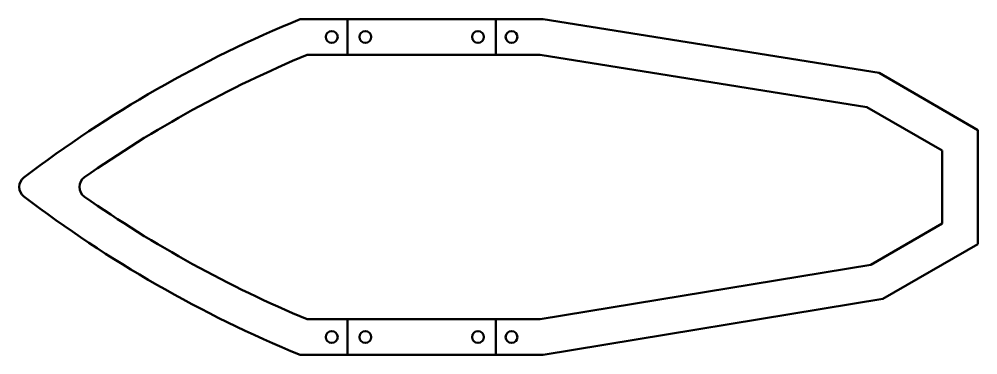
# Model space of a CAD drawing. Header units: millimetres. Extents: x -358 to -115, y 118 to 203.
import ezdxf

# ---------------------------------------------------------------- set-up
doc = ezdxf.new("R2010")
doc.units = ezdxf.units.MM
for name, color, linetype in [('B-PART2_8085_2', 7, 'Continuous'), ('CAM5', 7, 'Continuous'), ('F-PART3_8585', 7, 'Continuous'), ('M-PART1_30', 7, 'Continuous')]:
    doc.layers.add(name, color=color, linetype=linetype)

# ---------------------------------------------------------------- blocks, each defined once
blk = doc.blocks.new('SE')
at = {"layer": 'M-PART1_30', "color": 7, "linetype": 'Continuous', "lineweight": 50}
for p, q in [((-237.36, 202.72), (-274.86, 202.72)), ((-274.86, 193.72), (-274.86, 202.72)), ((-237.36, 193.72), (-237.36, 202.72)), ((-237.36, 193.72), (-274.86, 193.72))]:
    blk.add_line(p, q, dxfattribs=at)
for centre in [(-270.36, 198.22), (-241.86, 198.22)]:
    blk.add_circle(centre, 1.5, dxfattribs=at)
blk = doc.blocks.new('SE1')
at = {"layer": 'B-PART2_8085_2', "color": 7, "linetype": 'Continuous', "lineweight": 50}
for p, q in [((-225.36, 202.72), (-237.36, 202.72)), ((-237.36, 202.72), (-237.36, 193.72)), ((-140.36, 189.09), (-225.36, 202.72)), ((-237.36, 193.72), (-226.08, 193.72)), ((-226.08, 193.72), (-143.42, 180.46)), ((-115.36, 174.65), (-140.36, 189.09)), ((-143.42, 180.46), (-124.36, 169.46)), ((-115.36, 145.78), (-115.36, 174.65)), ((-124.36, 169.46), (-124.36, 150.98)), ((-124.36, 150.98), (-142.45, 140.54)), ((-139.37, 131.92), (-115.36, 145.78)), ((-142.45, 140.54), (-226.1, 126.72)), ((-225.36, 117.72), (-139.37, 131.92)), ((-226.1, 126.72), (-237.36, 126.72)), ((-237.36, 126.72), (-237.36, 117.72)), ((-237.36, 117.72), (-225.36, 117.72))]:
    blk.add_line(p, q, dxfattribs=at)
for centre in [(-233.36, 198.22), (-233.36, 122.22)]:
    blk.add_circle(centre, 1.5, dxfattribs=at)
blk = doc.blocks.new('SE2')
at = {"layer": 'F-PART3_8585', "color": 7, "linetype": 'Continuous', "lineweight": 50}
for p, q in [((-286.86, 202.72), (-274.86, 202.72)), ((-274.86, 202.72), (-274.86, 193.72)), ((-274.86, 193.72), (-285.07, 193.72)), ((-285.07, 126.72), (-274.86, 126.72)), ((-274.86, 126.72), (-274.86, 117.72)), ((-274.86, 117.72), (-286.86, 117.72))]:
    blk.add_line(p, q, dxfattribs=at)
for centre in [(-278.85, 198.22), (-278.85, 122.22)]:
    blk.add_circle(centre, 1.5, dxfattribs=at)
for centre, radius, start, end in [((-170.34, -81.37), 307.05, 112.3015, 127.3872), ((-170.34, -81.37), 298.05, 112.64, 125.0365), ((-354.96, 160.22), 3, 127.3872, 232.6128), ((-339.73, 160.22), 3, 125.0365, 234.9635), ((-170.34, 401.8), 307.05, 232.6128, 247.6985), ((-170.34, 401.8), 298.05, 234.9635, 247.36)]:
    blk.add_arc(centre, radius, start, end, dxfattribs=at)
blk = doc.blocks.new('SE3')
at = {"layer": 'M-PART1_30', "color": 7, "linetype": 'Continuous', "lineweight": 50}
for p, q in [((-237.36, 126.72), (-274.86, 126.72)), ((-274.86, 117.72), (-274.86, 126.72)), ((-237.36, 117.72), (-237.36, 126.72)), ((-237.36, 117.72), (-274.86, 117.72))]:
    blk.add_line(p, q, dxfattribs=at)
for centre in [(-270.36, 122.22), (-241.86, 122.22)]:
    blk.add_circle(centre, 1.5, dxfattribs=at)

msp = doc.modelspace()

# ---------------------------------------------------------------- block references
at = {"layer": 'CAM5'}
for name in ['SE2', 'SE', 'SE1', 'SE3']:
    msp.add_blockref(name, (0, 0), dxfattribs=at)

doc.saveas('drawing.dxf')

· · ·

ABOUT THIS TASK ▸ No picture is to appear in the copy; every entry above is otherwise to be printed verbatim.

WRITTEN RESPONSE ▸
# Model space of a CAD drawing. Header units: millimetres. Extents: x -358 to -115, y 118 to 203.
import ezdxf

# ---------------------------------------------------------------- set-up
doc = ezdxf.new("R2010")
doc.units = ezdxf.units.MM
for name, color, linetype in [('B-PART2_8085_2', 7, 'Continuous'), ('CAM5', 7, 'Continuous'), ('F-PART3_8585', 7, 'Continuous'), ('M-PART1_30', 7, 'Continuous')]:
    doc.layers.add(name, color=color, linetype=linetype)

# ---------------------------------------------------------------- blocks, each defined once
blk = doc.blocks.new('SE')
at = {"layer": 'M-PART1_30', "color": 7, "linetype": 'Continuous', "lineweight": 50}
for p, q in [((-237.36, 202.72), (-274.86, 202.72)), ((-274.86, 193.72), (-274.86, 202.72)), ((-237.36, 193.72), (-237.36, 202.72)), ((-237.36, 193.72), (-274.86, 193.72))]:
    blk.add_line(p, q, dxfattribs=at)
for centre in [(-270.36, 198.22), (-241.86, 198.22)]:
    blk.add_circle(centre, 1.5, dxfattribs=at)
blk = doc.blocks.new('SE1')
at = {"layer": 'B-PART2_8085_2', "color": 7, "linetype": 'Continuous', "lineweight": 50}
for p, q in [((-225.36, 202.72), (-237.36, 202.72)), ((-237.36, 202.72), (-237.36, 193.72)), ((-140.36, 189.09), (-225.36, 202.72)), ((-237.36, 193.72), (-226.08, 193.72)), ((-226.08, 193.72), (-143.42, 180.46)), ((-115.36, 174.65), (-140.36, 189.09)), ((-143.42, 180.46), (-124.36, 169.46)), ((-115.36, 145.78), (-115.36, 174.65)), ((-124.36, 169.46), (-124.36, 150.98)), ((-124.36, 150.98), (-142.45, 140.54)), ((-139.37, 131.92), (-115.36, 145.78)), ((-142.45, 140.54), (-226.1, 126.72)), ((-225.36, 117.72), (-139.37, 131.92)), ((-226.1, 126.72), (-237.36, 126.72)), ((-237.36, 126.72), (-237.36, 117.72)), ((-237.36, 117.72), (-225.36, 117.72))]:
    blk.add_line(p, q, dxfattribs=at)
for centre in [(-233.36, 198.22), (-233.36, 122.22)]:
    blk.add_circle(centre, 1.5, dxfattribs=at)
blk = doc.blocks.new('SE2')
at = {"layer": 'F-PART3_8585', "color": 7, "linetype": 'Continuous', "lineweight": 50}
for p, q in [((-286.86, 202.72), (-274.86, 202.72)), ((-274.86, 202.72), (-274.86, 193.72)), ((-274.86, 193.72), (-285.07, 193.72)), ((-285.07, 126.72), (-274.86, 126.72)), ((-274.86, 126.72), (-274.86, 117.72)), ((-274.86, 117.72), (-286.86, 117.72))]:
    blk.add_line(p, q, dxfattribs=at)
for centre in [(-278.85, 198.22), (-278.85, 122.22)]:
    blk.add_circle(centre, 1.5, dxfattribs=at)
for centre, radius, start, end in [((-170.34, -81.37), 307.05, 112.3015, 127.3872), ((-170.34, -81.37), 298.05, 112.64, 125.0365), ((-354.96, 160.22), 3, 127.3872, 232.6128), ((-339.73, 160.22), 3, 125.0365, 234.9635), ((-170.34, 401.8), 307.05, 232.6128, 247.6985), ((-170.34, 401.8), 298.05, 234.9635, 247.36)]:
    blk.add_arc(centre, radius, start, end, dxfattribs=at)
blk = doc.blocks.new('SE3')
at = {"layer": 'M-PART1_30', "color": 7, "linetype": 'Continuous', "lineweight": 50}
for p, q in [((-237.36, 126.72), (-274.86, 126.72)), ((-274.86, 117.72), (-274.86, 126.72)), ((-237.36, 117.72), (-237.36, 126.72)), ((-237.36, 117.72), (-274.86, 117.72))]:
    blk.add_line(p, q, dxfattribs=at)
for centre in [(-270.36, 122.22), (-241.86, 122.22)]:
    blk.add_circle(centre, 1.5, dxfattribs=at)

msp = doc.modelspace()

# ---------------------------------------------------------------- block references
at = {"layer": 'CAM5'}
for name in ['SE2', 'SE', 'SE1', 'SE3']:
    msp.add_blockref(name, (0, 0), dxfattribs=at)

doc.saveas('drawing.dxf')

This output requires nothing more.